April 27, 2015
Introducing Mr Tom: He's definitely not Jesus
I’d been in Bagan Batu for almost two weeks before I finally heard from Tom that he was done silently meditating and was on his way to join me. It was good news. Life was plodding along and needed something to shake it up a bit, and the long-haired and bearded Tom could be just the ticket, especially with him looking even more like Jesus than me. I think Mr Daniel had given up on my own holy credentials by now, what with my refusal to go to church on the second Sunday and my lack of teaching ability (surely the Messiah would know about past participles!)

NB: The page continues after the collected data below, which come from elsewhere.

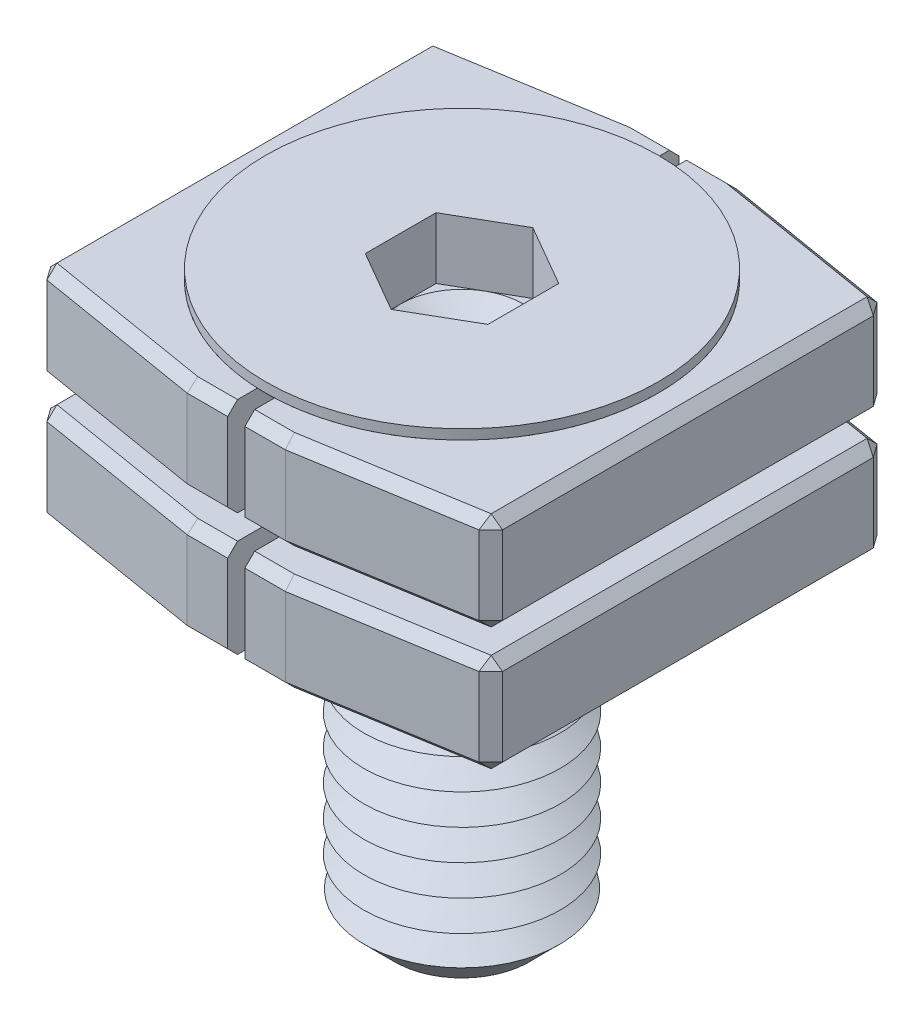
ISO-10303-21;
HEADER;
FILE_DESCRIPTION(('STEP AP214'),'2;1');
FILE_NAME('part.step','',(''),(''),'','','');
FILE_SCHEMA(('AUTOMOTIVE_DESIGN { 1 0 10303 214 1 1 1 1 }'));
ENDSEC;
DATA;
#1=APPLICATION_CONTEXT('core data for automotive mechanical design processes');
#2=APPLICATION_PROTOCOL_DEFINITION('international standard','automotive_design',2000,#1);
#3=PRODUCT_CONTEXT('',#1,'mechanical');
#4=PRODUCT('Part','Part','',(#3));
#5=PRODUCT_RELATED_PRODUCT_CATEGORY('part','',(#4));
#6=PRODUCT_DEFINITION_FORMATION('','',#4);
#7=PRODUCT_DEFINITION_CONTEXT('part definition',#1,'design');
#8=PRODUCT_DEFINITION('design','',#6,#7);
#9=PRODUCT_DEFINITION_SHAPE('','',#8);
#10=(LENGTH_UNIT() NAMED_UNIT(*) SI_UNIT(.MILLI.,.METRE.));
#11=(NAMED_UNIT(*) PLANE_ANGLE_UNIT() SI_UNIT($,.RADIAN.));
#12=(NAMED_UNIT(*) SI_UNIT($,.STERADIAN.) SOLID_ANGLE_UNIT());
#13=UNCERTAINTY_MEASURE_WITH_UNIT(LENGTH_MEASURE(1.E-05),#10,'distance_accuracy_value','');
#14=(GEOMETRIC_REPRESENTATION_CONTEXT(3) GLOBAL_UNCERTAINTY_ASSIGNED_CONTEXT((#13)) GLOBAL_UNIT_ASSIGNED_CONTEXT((#10,
#11,#12)) REPRESENTATION_CONTEXT('',''));
#15=CARTESIAN_POINT('',(0.,0.,0.));
#16=DIRECTION('',(0.,0.,1.));
#17=DIRECTION('',(1.,0.,0.));
#18=AXIS2_PLACEMENT_3D('',#15,#16,#17);
#19=CARTESIAN_POINT('',(0.,-2.1,0.));
#20=DIRECTION('',(0.,1.,0.));
#21=DIRECTION('',(0.,0.,1.));
#22=AXIS2_PLACEMENT_3D('',#19,#20,#21);
#23=PLANE('',#22);
#24=CARTESIAN_POINT('',(0.,-2.1,0.));
#25=DIRECTION('',(0.,1.,0.));
#26=DIRECTION('',(0.,0.,1.));
#27=AXIS2_PLACEMENT_3D('',#24,#25,#26);
#28=CIRCLE('',#27,2.5);
#29=CARTESIAN_POINT('',(1.25,-2.1,2.1650635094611));
#30=VERTEX_POINT('',#29);
#31=CARTESIAN_POINT('',(2.5,-2.1,0.));
#32=VERTEX_POINT('',#31);
#33=EDGE_CURVE('P0_E94',#30,#32,#28,.T.);
#34=ORIENTED_EDGE('',*,*,#33,.F.);
#35=DIRECTION('',(0.866025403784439,0.,-0.5));
#36=VECTOR('',#35,1.);
#37=CARTESIAN_POINT('',(0.,-2.1,2.88675134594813));
#38=LINE('',#37,#36);
#39=CARTESIAN_POINT('',(2.5,-2.1,1.44337567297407));
#40=VERTEX_POINT('',#39);
#41=EDGE_CURVE('P0_E117',#30,#40,#38,.T.);
#42=ORIENTED_EDGE('',*,*,#41,.T.);
#43=DIRECTION('',(0.,0.,-1.));
#44=VECTOR('',#43,1.);
#45=CARTESIAN_POINT('',(2.5,-2.1,1.44337567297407));
#46=LINE('',#45,#44);
#47=EDGE_CURVE('P0_E113',#40,#32,#46,.T.);
#48=ORIENTED_EDGE('',*,*,#47,.T.);
#49=EDGE_LOOP('',(#34,#42,#48));
#50=FACE_BOUND('',#49,.T.);
#51=ADVANCED_FACE('P0_F16',(#50),#23,.T.);
#52=CARTESIAN_POINT('',(0.,-2.1,0.));
#53=DIRECTION('',(0.,1.,0.));
#54=DIRECTION('',(0.,0.,1.));
#55=AXIS2_PLACEMENT_3D('',#52,#53,#54);
#56=CIRCLE('',#55,2.5);
#57=CARTESIAN_POINT('',(1.25,-2.1,-2.1650635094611));
#58=VERTEX_POINT('',#57);
#59=EDGE_CURVE('P0_E11',#32,#58,#56,.T.);
#60=ORIENTED_EDGE('',*,*,#59,.F.);
#61=CARTESIAN_POINT('',(2.5,-2.1,-1.44337567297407));
#62=VERTEX_POINT('',#61);
#63=EDGE_CURVE('P0_E105',#32,#62,#46,.T.);
#64=ORIENTED_EDGE('',*,*,#63,.T.);
#65=DIRECTION('',(-0.866025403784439,0.,-0.5));
#66=VECTOR('',#65,1.);
#67=CARTESIAN_POINT('',(2.5,-2.1,-1.44337567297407));
#68=LINE('',#67,#66);
#69=EDGE_CURVE('P0_E108',#62,#58,#68,.T.);
#70=ORIENTED_EDGE('',*,*,#69,.T.);
#71=EDGE_LOOP('',(#60,#64,#70));
#72=FACE_BOUND('',#71,.T.);
#73=ADVANCED_FACE('P0_F104',(#72),#23,.T.);
#74=CARTESIAN_POINT('',(-1.25,-2.1,-2.1650635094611));
#75=VERTEX_POINT('',#74);
#76=EDGE_CURVE('P0_E25',#58,#75,#56,.T.);
#77=ORIENTED_EDGE('',*,*,#76,.F.);
#78=CARTESIAN_POINT('',(0.,-2.1,-2.88675134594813));
#79=VERTEX_POINT('',#78);
#80=EDGE_CURVE('P0_E140',#58,#79,#68,.T.);
#81=ORIENTED_EDGE('',*,*,#80,.T.);
#82=DIRECTION('',(-0.866025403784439,0.,0.5));
#83=VECTOR('',#82,1.);
#84=CARTESIAN_POINT('',(0.,-2.1,-2.88675134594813));
#85=LINE('',#84,#83);
#86=EDGE_CURVE('P0_E303',#79,#75,#85,.T.);
#87=ORIENTED_EDGE('',*,*,#86,.T.);
#88=EDGE_LOOP('',(#77,#81,#87));
#89=FACE_BOUND('',#88,.T.);
#90=ADVANCED_FACE('P0_F269',(#89),#23,.T.);
#91=CARTESIAN_POINT('',(-2.5,-2.1,0.));
#92=VERTEX_POINT('',#91);
#93=EDGE_CURVE('P0_E298',#75,#92,#56,.T.);
#94=ORIENTED_EDGE('',*,*,#93,.F.);
#95=CARTESIAN_POINT('',(-2.5,-2.1,-1.44337567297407));
#96=VERTEX_POINT('',#95);
#97=EDGE_CURVE('P0_E307',#75,#96,#85,.T.);
#98=ORIENTED_EDGE('',*,*,#97,.T.);
#99=DIRECTION('',(0.,0.,1.));
#100=VECTOR('',#99,1.);
#101=CARTESIAN_POINT('',(-2.5,-2.1,-1.44337567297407));
#102=LINE('',#101,#100);
#103=EDGE_CURVE('P0_E302',#96,#92,#102,.T.);
#104=ORIENTED_EDGE('',*,*,#103,.T.);
#105=EDGE_LOOP('',(#94,#98,#104));
#106=FACE_BOUND('',#105,.T.);
#107=ADVANCED_FACE('P0_F283',(#106),#23,.T.);
#108=CARTESIAN_POINT('',(-1.25,-2.1,2.1650635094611));
#109=VERTEX_POINT('',#108);
#110=EDGE_CURVE('P0_E32',#92,#109,#56,.T.);
#111=ORIENTED_EDGE('',*,*,#110,.F.);
#112=CARTESIAN_POINT('',(-2.5,-2.1,1.44337567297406));
#113=VERTEX_POINT('',#112);
#114=EDGE_CURVE('P0_E294',#92,#113,#102,.T.);
#115=ORIENTED_EDGE('',*,*,#114,.T.);
#116=DIRECTION('',(0.866025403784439,0.,0.5));
#117=VECTOR('',#116,1.);
#118=CARTESIAN_POINT('',(-2.5,-2.1,1.44337567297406));
#119=LINE('',#118,#117);
#120=EDGE_CURVE('P0_E297',#113,#109,#119,.T.);
#121=ORIENTED_EDGE('',*,*,#120,.T.);
#122=EDGE_LOOP('',(#111,#115,#121));
#123=FACE_BOUND('',#122,.T.);
#124=ADVANCED_FACE('P0_F274',(#123),#23,.T.);
#125=CARTESIAN_POINT('',(0.,0.4,0.));
#126=DIRECTION('',(0.,1.,0.));
#127=DIRECTION('',(0.,0.,1.));
#128=AXIS2_PLACEMENT_3D('',#125,#126,#127);
#129=PLANE('',#128);
#130=DIRECTION('',(-0.866025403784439,0.,-0.5));
#131=VECTOR('',#130,1.);
#132=CARTESIAN_POINT('',(2.5,0.4,-1.44337567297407));
#133=LINE('',#132,#131);
#134=CARTESIAN_POINT('',(2.5,0.4,-1.44337567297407));
#135=VERTEX_POINT('',#134);
#136=CARTESIAN_POINT('',(0.,0.4,-2.88675134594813));
#137=VERTEX_POINT('',#136);
#138=EDGE_CURVE('P0_E40',#135,#137,#133,.T.);
#139=ORIENTED_EDGE('',*,*,#138,.F.);
#140=DIRECTION('',(0.,0.,-1.));
#141=VECTOR('',#140,1.);
#142=CARTESIAN_POINT('',(2.5,0.4,1.44337567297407));
#143=LINE('',#142,#141);
#144=CARTESIAN_POINT('',(2.5,0.4,1.44337567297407));
#145=VERTEX_POINT('',#144);
#146=EDGE_CURVE('P0_E138',#145,#135,#143,.T.);
#147=ORIENTED_EDGE('',*,*,#146,.F.);
#148=DIRECTION('',(0.866025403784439,0.,-0.5));
#149=VECTOR('',#148,1.);
#150=CARTESIAN_POINT('',(0.,0.4,2.88675134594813));
#151=LINE('',#150,#149);
#152=CARTESIAN_POINT('',(0.,0.4,2.88675134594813));
#153=VERTEX_POINT('',#152);
#154=EDGE_CURVE('P0_E135',#153,#145,#151,.T.);
#155=ORIENTED_EDGE('',*,*,#154,.F.);
#156=DIRECTION('',(0.866025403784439,0.,0.5));
#157=VECTOR('',#156,1.);
#158=CARTESIAN_POINT('',(-2.5,0.4,1.44337567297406));
#159=LINE('',#158,#157);
#160=CARTESIAN_POINT('',(-2.5,0.4,1.44337567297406));
#161=VERTEX_POINT('',#160);
#162=EDGE_CURVE('P0_E132',#161,#153,#159,.T.);
#163=ORIENTED_EDGE('',*,*,#162,.F.);
#164=DIRECTION('',(0.,0.,1.));
#165=VECTOR('',#164,1.);
#166=CARTESIAN_POINT('',(-2.5,0.4,-1.44337567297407));
#167=LINE('',#166,#165);
#168=CARTESIAN_POINT('',(-2.5,0.4,-1.44337567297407));
#169=VERTEX_POINT('',#168);
#170=EDGE_CURVE('P0_E129',#169,#161,#167,.T.);
#171=ORIENTED_EDGE('',*,*,#170,.F.);
#172=DIRECTION('',(-0.866025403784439,0.,0.5));
#173=VECTOR('',#172,1.);
#174=CARTESIAN_POINT('',(0.,0.4,-2.88675134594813));
#175=LINE('',#174,#173);
#176=EDGE_CURVE('P0_E126',#137,#169,#175,.T.);
#177=ORIENTED_EDGE('',*,*,#176,.F.);
#178=EDGE_LOOP('',(#139,#147,#155,#163,#171,#177));
#179=FACE_BOUND('',#178,.T.);
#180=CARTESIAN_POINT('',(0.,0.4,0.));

It was the afternoon of the 27th of April when Tom, or Mr Tom as he would soon become known, arrived, and to say he shook things up a bit would be an understatement. I first caught sight of him across the street and called him over to the front gates of the school. He advanced towards me, a smile on his pale face upon which were two sunken, dark eyes, that made the man look more like Dracula than Jesus. He wore a filthy grey striped shirt that looked like it was 50% cotton and 50% sweat, and his dreadlocks flailed out in all directions from beneath a similarly grimy cap. He was an extraordinary sight, a sort of homeless hippy on a bike, and that is not even to mention the smell that was wafting along with him, which could only be fairly described as intoxicating.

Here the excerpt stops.